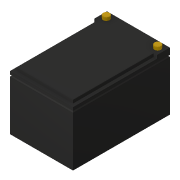
# Autodesk Inventor part: 800-10-ELECTRONICS-BATTERY-12V-12Ah
Saved by Autodesk Inventor 2018.2 (Build 222227000, 227)
## iProperties
Manager: feesmrt
Company: FRANC0R
Created: 2017-12-05
Part Number: 800-10-ELECTRONICS-BATTERY-12V-12Ah
Material: ABS-Kunststoff
Document SubType Name: Modeling
Designer: feesmrt
Density: 1.06 g/cm^3
Appearance: Glatt - schwarz
Project: Rescue Robot
Cost Center: -
Engineer: feesmrt
Authority: feesmrt
Description: Lead-Acid Battery WP12-12 12V 12Ah
Stock Number: 800-10-ELECTRONICS-BATTERY-12V-12Ah
Catalog Web Link: Reichelt
Vendor: https://www.reichelt.de/Blei-Vlies-Akkus-12V-Kung-Long/WP-12-12/3/index.html?ACTION=3&GROUPID=4232&ARTICLE=44421&START=0&OFFSET
Author: feesmrt
Subject: Rescue Robot
Title: Lead-Acid Battery WP12-12 12V 12Ah
Revision Number: 1
Autodesk Inventor part; units mm, degrees
ref_plane "YZ Plane" through (0, 0, 0) normal (1, 0, 0) x (0, 1, 0)
ref_plane "XZ Plane" through (0, 0, 0) normal (0, 1, 0) x (-1, 0, 0)
ref_plane "XY Plane" through (0, 0, 0) normal (0, 0, 1) x (1, 0, 0)
sketch "Skizze1" plane through (0, 0, 0) normal (0, 0, 1) x (1, 0, 0)
  line L0 (-49, -75.5) -> (49, -75.5)
  line L1 (49, -75.5) -> (49, 75.5)
  line L2 (49, 75.5) -> (-49, 75.5)
  line L3 (-49, 75.5) -> (-49, -75.5)
  line L4 (-49, -75.5) -> (49, 75.5) construction
  line L5 (49, -75.5) -> (-49, 75.5) construction
  point P0 (0, 0)
  dimension "d0" = 98
  dimension "d1" = 151
  constraints: 12 end point, 2 midpoint, 2 parallel, 1 horizontal, 1 perpendicular
  measures "d0" distance of L1.end L2.end
  measures "d1" distance of L0.end L1.end
extrude "Grundkörper" add sketch "Skizze1" along normal blind 83
chamfer "Fase" distance 2.5 angle 45 8 edges at (-49, 0, 83) (0, -75.5, 83) (49, 0, 83) (0, 75.5, 83) (0, -75.5, 0) (-49, 0, 0) (49, 0, 0) (0, 75.5, 0)
sketch "Skizze2" plane through (0, 0, 83) normal (0, 0, 1) x (1, 0, 0)
  line L0 (49, -75.5) -> (49, 75.5) projected
  line L1 (49, 75.5) -> (-49, 75.5) projected
  line L2 (-49, -75.5) -> (49, -75.5) projected
  line L3 (-49, 75.5) -> (-49, -75.5) projected
  point P0 (0, 0)
extrude "Cap" add sketch "Skizze2" along normal blind 10
sketch "Skizze3" plane through (0, 0, 93) normal (0, 0, 1) x (1, 0, 0)
  line L0 (44, 55.5) -> (-44, 55.5)
  line L1 (-44, 55.5) -> (-44, -70.5)
  line L2 (-44, -70.5) -> (44, -70.5)
  line L3 (44, -70.5) -> (44, 55.5)
  line L4 (0, 105.7) -> (0, -105.7) construction
  line L5 (49, -75.5) -> (49, 75.5) projected
  line L6 (-49, -75.5) -> (49, -75.5) projected
  line L7 (44, 55.5) -> (49, 55.5)
  line L8 (49, -75.5) -> (49, 75.5) projected
  line L9 (49, 55.5) -> (49, -75.5)
  line L10 (-49, 75.5) -> (-49, -75.5) projected
  line L11 (49, -75.5) -> (-49, -75.5)
  line L12 (-49, -75.5) -> (-49, 55.5)
  line L13 (-44, 55.5) -> (-49, 55.5)
  line L14 (-46.5, -73) -> (-46.5, 73) projected
  line L15 (49, 75.5) -> (-49, 75.5) projected
  point P0 (0, 0)
  dimension "d9" = 5
  dimension "d10" = 5
  dimension "d13" = 20
  constraints: 18 end point, 4 perpendicular, 2 parallel, 2 point on line, 1 collinear, 1 horizontal, 1 other
  measures "d9" distance between parallel lines of L5 L3
  measures "d10" distance between parallel lines of L6 L2
  measures "d13" distance between parallel lines of L15 L0
extrude "Absatz" cut sketch "Skizze3" against normal blind 5 contours L7 L5 L6 L10 L13 L1 L2 L3
sketch "Skizze4" plane through (0, 0, 93) normal (0, 0, 1) x (1, 0, 0)
  line L0 (44, 55.5) -> (49, 55.5) projected
  line L1 (49, 75.5) -> (-49, 75.5) projected
  line L2 (49, 55.5) -> (49, 75.5) projected
  line L3 (-49, 75.5) -> (-49, 55.5) projected
  line L4 (49, 55.5) -> (-49, 55.5)
  line L5 (-49, 75.5) -> (-49, -75.5) projected
  line L6 (-49, 65.5) -> (49, 65.5) construction
  line L7 (49, 75.5) -> (49, -75.5) projected
  line L8 (0, 105.7) -> (0, -105.7) construction
  circle A0 centre (40, 65.5) radius 5
  circle A1 centre (-40, 65.5) radius 5
  point P0 (0, 0)
  dimension "d14" = 10
  dimension "d15" = 80
  constraints: 4 end point, 4 point on line, 2 centre point, 1 equal radius, 1 horizontal, 1 symmetric about line
  measures "d14" diameter of A0
  measures "d15" distance of A1.centre A0.centre
extrude "Connectors" add sketch "Skizze4" along normal blind 5 contours A0 | A1
sketch "Skizze5" plane through (-49, -75.5, 2.5) normal (-1, 0, 0) x (0, 0, 1)
  line L0 (0, 151) -> (78, 151) projected
  line L1 (-2.5, 148.5) -> (-2.5, 2.5) projected
  line L2 (0, 0) -> (78, 0) projected
  line L3 (0, 0) -> (0, 151) projected
  line L4 (0, 0) -> (78, 0) projected
  line L5 (78, 151) -> (78, 0) projected
  line L6 (0, 151) -> (78, 151) projected
  line L7 (78, 151) -> (78, 0) projected
  line L8 (68, 141) -> (68, 95.2469) construction
  line L9 (68, 95.2469) -> (45.5269, 95.2469) construction
  line L10 (45.5269, 95.2469) -> (45.5269, 141) construction
  line L11 (45.5269, 141) -> (68, 141) construction
  line L12 (62.7438, 65.2469) -> (62.7438, 27) construction
  line L13 (62.7438, 27) -> (50.5269, 27) construction
  line L14 (50.5269, 27) -> (50.5269, 65.2469) construction
  line L15 (50.5269, 65.2469) -> (62.7438, 65.2469) construction
  spline S0 degree 2 poles (66.4515, 137.3103) (66.1568, 137.3103) (65.6224, 137.4987) (65.4443, 137.6734) knots 0 0 0 1 2 2 2
  spline S1 degree 2 poles (65.4443, 137.6734) (65.3312, 137.7796) (65.1462, 138.04) (65.0811, 138.1942) knots 0 0 0 1 2 2 2
  spline S2 degree 2 poles (65.0811, 138.1942) (65.016, 138.3518) (64.9406, 138.7183) (64.9406, 138.9444) knots 0 0 0 1 2 2 2
  line L16 (64.9406, 138.9444) -> (64.9406, 139.4994)
  line L17 (64.9406, 139.4994) -> (63.5566, 139.4994)
  line L18 (63.5566, 139.4994) -> (63.5566, 140.5615)
  line L19 (63.5566, 140.5615) -> (67.7842, 140.5615)
  line L20 (67.7842, 140.5615) -> (67.7842, 138.9205)
  spline S3 degree 2 poles (67.7842, 138.9205) (67.7842, 138.5573) (67.6506, 138.0263) (67.5067, 137.8105) knots 0 0 0 1 2 2 2
  spline S4 degree 2 poles (67.5067, 137.8105) (67.3456, 137.5706) (66.8181, 137.3103) (66.4515, 137.3103) knots 0 0 0 1 2 2 2
  spline S5 degree 2 poles (66.4241, 138.3997) (66.6056, 138.3997) (66.8626, 138.571) (66.9106, 138.6875) knots 0 0 0 1 2 2 2
  spline S6 degree 2 poles (66.9106, 138.6875) (66.9756, 138.8382) (66.9962, 139.1123) (66.9962, 139.3487) knots 0 0 0 1 2 2 2
  line L21 (66.9962, 139.3487) -> (66.9962, 139.4994)
  line L22 (66.9962, 139.4994) -> (65.7286, 139.4994)
  line L23 (65.7286, 139.4994) -> (65.7286, 139.4241)
  spline S7 degree 2 poles (65.7286, 139.4241) (65.7286, 139.2768) (65.7355, 139.0095) (65.7526, 138.9102) knots 0 0 0 1 2 2 2
  spline S8 degree 2 poles (65.7526, 138.9102) (65.7663, 138.8245) (65.8485, 138.6361) (65.8999, 138.5847) knots 0 0 0 1 2 2 2
  spline S9 degree 2 poles (65.8999, 138.5847) (66.0027, 138.4751) (66.2322, 138.3997) (66.4241, 138.3997) knots 0 0 0 1 2 2 2
  spline S10 degree 2 poles (65.1496, 133.7405) (64.3617, 133.7405) (63.4572, 134.6004) (63.4572, 135.3849) knots 0 0 0 1 2 2 2
  spline S11 degree 2 poles (63.4572, 135.3849) (63.4572, 136.166) (64.3617, 137.0328) (65.1496, 137.0328) knots 0 0 0 1 2 2 2
  spline S12 degree 2 poles (65.1496, 137.0328) (65.9444, 137.0328) (66.8455, 136.166) (66.8455, 135.3849) knots 0 0 0 1 2 2 2
  spline S13 degree 2 poles (66.8455, 135.3849) (66.8455, 134.6038) (65.941, 133.7405) (65.1496, 133.7405) knots 0 0 0 1 2 2 2
  spline S14 degree 2 poles (65.1428, 134.758) (65.4271, 134.758) (65.8074, 134.8505) (65.9205, 134.9327) knots 0 0 0 1 2 2 2
  spline S15 degree 2 poles (65.9205, 134.9327) (66.0404, 135.0217) (66.1329, 135.2444) (66.1329, 135.3849) knots 0 0 0 1 2 2 2
  spline S16 degree 2 poles (66.1329, 135.3849) (66.1329, 135.5219) (66.0506, 135.7378) (65.9342, 135.8268) knots 0 0 0 1 2 2 2
  spline S17 degree 2 poles (65.9342, 135.8268) (65.8245, 135.9125) (65.4374, 136.0153) (65.1428, 136.0153) knots 0 0 0 1 2 2 2
  spline S18 degree 2 poles (65.1428, 136.0153) (64.8516, 136.0153) (64.4918, 135.9193) (64.3822, 135.8405) knots 0 0 0 1 2 2 2
  spline S19 degree 2 poles (64.3822, 135.8405) (64.2726, 135.7617) (64.1698, 135.5219) (64.1698, 135.378) knots 0 0 0 1 2 2 2
  spline S20 degree 2 poles (64.1698, 135.378) (64.1698, 135.2581) (64.2726, 135.0115) (64.3754, 134.9361) knots 0 0 0 1 2 2 2
  spline S21 degree 2 poles (64.3754, 134.9361) (64.4953, 134.8505) (64.8413, 134.758) (65.1428, 134.758) knots 0 0 0 1 2 2 2
  line L24 (66.7461, 128.4611) -> (63.5566, 129.3929)
  line L25 (63.5566, 129.3929) -> (63.5566, 130.4481)
  line L26 (63.5566, 130.4481) -> (65.619, 131.01)
  line L27 (65.619, 131.01) -> (63.5566, 131.5718)
  line L28 (63.5566, 131.5718) -> (63.5566, 132.627)
  line L29 (63.5566, 132.627) -> (66.7461, 133.552)
  line L30 (66.7461, 133.552) -> (66.7461, 132.5071)
  line L31 (66.7461, 132.5071) -> (64.6357, 132.0172)
  line L32 (64.6357, 132.0172) -> (66.7461, 131.4142)
  line L33 (66.7461, 131.4142) -> (66.7461, 130.5338)
  line L34 (66.7461, 130.5338) -> (64.6357, 129.9651)
  line L35 (64.6357, 129.9651) -> (66.7461, 129.482)
  line L36 (66.7461, 129.482) -> (66.7461, 128.4611)
  spline S22 degree 2 poles (63.4709, 126.4055) (63.4709, 127.31) (64.3343, 128.2727) (65.1325, 128.2727) knots 0 0 0 1 2 2 2
  spline S23 degree 2 poles (65.1325, 128.2727) (65.9136, 128.2727) (66.8455, 127.3751) (66.8455, 126.5665) knots 0 0 0 1 2 2 2
  spline S24 degree 2 poles (66.8455, 126.5665) (66.8455, 125.8368) (66.0541, 125.0968) (65.3209, 125.0968) knots 0 0 0 1 2 2 2
  line L37 (65.3209, 125.0968) -> (64.9612, 125.0968)
  line L38 (64.9612, 125.0968) -> (64.9612, 127.2791)
  spline S25 degree 2 poles (64.9612, 127.2791) (64.7385, 127.2654) (64.4439, 127.1044) (64.3548, 126.9742) knots 0 0 0 1 2 2 2
  spline S26 degree 2 poles (64.3548, 126.9742) (64.2657, 126.8475) (64.1904, 126.5049) (64.1904, 126.3028) knots 0 0 0 1 2 2 2
  spline S27 degree 2 poles (64.1904, 126.3028) (64.1904, 126.1315) (64.2657, 125.7957) (64.3308, 125.6553) knots 0 0 0 1 2 2 2
  spline S28 degree 2 poles (64.3308, 125.6553) (64.3822, 125.5319) (64.509, 125.3264) (64.5569, 125.2613) knots 0 0 0 1 2 2 2
  line L39 (64.5569, 125.2613) -> (64.5569, 125.1551)
  line L40 (64.5569, 125.1551) -> (63.7347, 125.1551)
  spline S29 degree 2 poles (63.7347, 125.1551) (63.6868, 125.2784) (63.6045, 125.4771) (63.5634, 125.6553) knots 0 0 0 1 2 2 2
  spline S30 degree 2 poles (63.5634, 125.6553) (63.5189, 125.8163) (63.4709, 126.1589) (63.4709, 126.4055) knots 0 0 0 1 2 2 2
  spline S31 degree 2 poles (65.5607, 126.0766) (65.8759, 126.0835) (66.2082, 126.361) (66.2082, 126.6453) knots 0 0 0 1 2 2 2
  spline S32 degree 2 poles (66.2082, 126.6453) (66.2082, 126.9365) (65.8588, 127.2654) (65.5607, 127.2826) knots 0 0 0 1 2 2 2
  line L41 (65.5607, 127.2826) -> (65.5607, 126.0766)
  line L42 (65.804, 122.4452) -> (65.804, 122.5274)
  spline S33 degree 2 poles (65.804, 122.5274) (65.8245, 122.5856) (65.8451, 122.8014) (65.8451, 122.9316) knots 0 0 0 1 2 2 2
  spline S34 degree 2 poles (65.8451, 122.9316) (65.8451, 123.0858) (65.7526, 123.4318) (65.6909, 123.5928) knots 0 0 0 1 2 2 2
  line L43 (65.6909, 123.5928) -> (63.5566, 123.5928)
  line L44 (63.5566, 123.5928) -> (63.5566, 124.5864)
  line L45 (63.5566, 124.5864) -> (66.7461, 124.5864)
  line L46 (66.7461, 124.5864) -> (66.7461, 123.5928)
  line L47 (66.7461, 123.5928) -> (66.287, 123.5928)
  spline S35 degree 2 poles (66.287, 123.5928) (66.3487, 123.5243) (66.5406, 123.2845) (66.5988, 123.1852) knots 0 0 0 1 2 2 2
  spline S36 degree 2 poles (66.5988, 123.1852) (66.6639, 123.0755) (66.7564, 122.7877) (66.7564, 122.661) knots 0 0 0 1 2 2 2
  spline S37 degree 2 poles (66.7564, 122.661) (66.7564, 122.613) (66.7495, 122.4931) (66.7461, 122.4452) knots 0 0 0 1 2 2 2
  line L48 (66.7461, 122.4452) -> (65.804, 122.4452)
  line L49 (66.7461, 117.3885) -> (62.3883, 118.9952)
  line L50 (62.3883, 118.9952) -> (62.3883, 120.0641)
  line L51 (62.3883, 120.0641) -> (63.6354, 119.5811)
  line L52 (63.6354, 119.5811) -> (66.7461, 120.7493)
  line L53 (66.7461, 120.7493) -> (66.7461, 119.7078)
  line L54 (66.7461, 119.7078) -> (64.7454, 119.0363)
  line L55 (64.7454, 119.0363) -> (66.7461, 118.4094)
  line L56 (66.7461, 118.4094) -> (66.7461, 117.3885)
  spline S38 degree 2 poles (65.1496, 113.9557) (64.3617, 113.9557) (63.4572, 114.8156) (63.4572, 115.6001) knots 0 0 0 1 2 2 2
  spline S39 degree 2 poles (63.4572, 115.6001) (63.4572, 116.3813) (64.3617, 117.248) (65.1496, 117.248) knots 0 0 0 1 2 2 2
  spline S40 degree 2 poles (65.1496, 117.248) (65.9444, 117.248) (66.8455, 116.3813) (66.8455, 115.6001) knots 0 0 0 1 2 2 2
  spline S41 degree 2 poles (66.8455, 115.6001) (66.8455, 114.819) (65.941, 113.9557) (65.1496, 113.9557) knots 0 0 0 1 2 2 2
  spline S42 degree 2 poles (65.1428, 114.9732) (65.4271, 114.9732) (65.8074, 115.0657) (65.9205, 115.1479) knots 0 0 0 1 2 2 2
  spline S43 degree 2 poles (65.9205, 115.1479) (66.0404, 115.237) (66.1329, 115.4597) (66.1329, 115.6001) knots 0 0 0 1 2 2 2
  spline S44 degree 2 poles (66.1329, 115.6001) (66.1329, 115.7372) (66.0506, 115.953) (65.9342, 116.0421) knots 0 0 0 1 2 2 2
  spline S45 degree 2 poles (65.9342, 116.0421) (65.8245, 116.1277) (65.4374, 116.2305) (65.1428, 116.2305) knots 0 0 0 1 2 2 2
  spline S46 degree 2 poles (65.1428, 116.2305) (64.8516, 116.2305) (64.4918, 116.1346) (64.3822, 116.0558) knots 0 0 0 1 2 2 2
  spline S47 degree 2 poles (64.3822, 116.0558) (64.2726, 115.977) (64.1698, 115.7372) (64.1698, 115.5933) knots 0 0 0 1 2 2 2
  spline S48 degree 2 poles (64.1698, 115.5933) (64.1698, 115.4734) (64.2726, 115.2267) (64.3754, 115.1513) knots 0 0 0 1 2 2 2
  spline S49 degree 2 poles (64.3754, 115.1513) (64.4953, 115.0657) (64.8413, 114.9732) (65.1428, 114.9732) knots 0 0 0 1 2 2 2
  line L57 (63.5566, 110.4681) -> (63.5566, 111.4616)
  line L58 (63.5566, 111.4616) -> (63.9094, 111.4616)
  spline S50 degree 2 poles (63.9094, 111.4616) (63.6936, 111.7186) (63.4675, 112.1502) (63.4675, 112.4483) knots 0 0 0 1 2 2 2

# # # # #

:: Work instructions ::
Scan the listing above for the line that has "of L0.end L1.end", then copy exactly from that line through the line that has "line L2 (49, 55.5) -> (49, 75.5) projected".

:: Exercise answer ::
  measures "d1" distance of L0.end L1.end
extrude "Grundkörper" add sketch "Skizze1" along normal blind 83
chamfer "Fase" distance 2.5 angle 45 8 edges at (-49, 0, 83) (0, -75.5, 83) (49, 0, 83) (0, 75.5, 83) (0, -75.5, 0) (-49, 0, 0) (49, 0, 0) (0, 75.5, 0)
sketch "Skizze2" plane through (0, 0, 83) normal (0, 0, 1) x (1, 0, 0)
  line L0 (49, -75.5) -> (49, 75.5) projected
  line L1 (49, 75.5) -> (-49, 75.5) projected
  line L2 (-49, -75.5) -> (49, -75.5) projected
  line L3 (-49, 75.5) -> (-49, -75.5) projected
  point P0 (0, 0)
extrude "Cap" add sketch "Skizze2" along normal blind 10
sketch "Skizze3" plane through (0, 0, 93) normal (0, 0, 1) x (1, 0, 0)
  line L0 (44, 55.5) -> (-44, 55.5)
  line L1 (-44, 55.5) -> (-44, -70.5)
  line L2 (-44, -70.5) -> (44, -70.5)
  line L3 (44, -70.5) -> (44, 55.5)
  line L4 (0, 105.7) -> (0, -105.7) construction
  line L5 (49, -75.5) -> (49, 75.5) projected
  line L6 (-49, -75.5) -> (49, -75.5) projected
  line L7 (44, 55.5) -> (49, 55.5)
  line L8 (49, -75.5) -> (49, 75.5) projected
  line L9 (49, 55.5) -> (49, -75.5)
  line L10 (-49, 75.5) -> (-49, -75.5) projected
  line L11 (49, -75.5) -> (-49, -75.5)
  line L12 (-49, -75.5) -> (-49, 55.5)
  line L13 (-44, 55.5) -> (-49, 55.5)
  line L14 (-46.5, -73) -> (-46.5, 73) projected
  line L15 (49, 75.5) -> (-49, 75.5) projected
  point P0 (0, 0)
  dimension "d9" = 5
  dimension "d10" = 5
  dimension "d13" = 20
  constraints: 18 end point, 4 perpendicular, 2 parallel, 2 point on line, 1 collinear, 1 horizontal, 1 other
  measures "d9" distance between parallel lines of L5 L3
  measures "d10" distance between parallel lines of L6 L2
  measures "d13" distance between parallel lines of L15 L0
extrude "Absatz" cut sketch "Skizze3" against normal blind 5 contours L7 L5 L6 L10 L13 L1 L2 L3
sketch "Skizze4" plane through (0, 0, 93) normal (0, 0, 1) x (1, 0, 0)
  line L0 (44, 55.5) -> (49, 55.5) projected
  line L1 (49, 75.5) -> (-49, 75.5) projected
  line L2 (49, 55.5) -> (49, 75.5) projected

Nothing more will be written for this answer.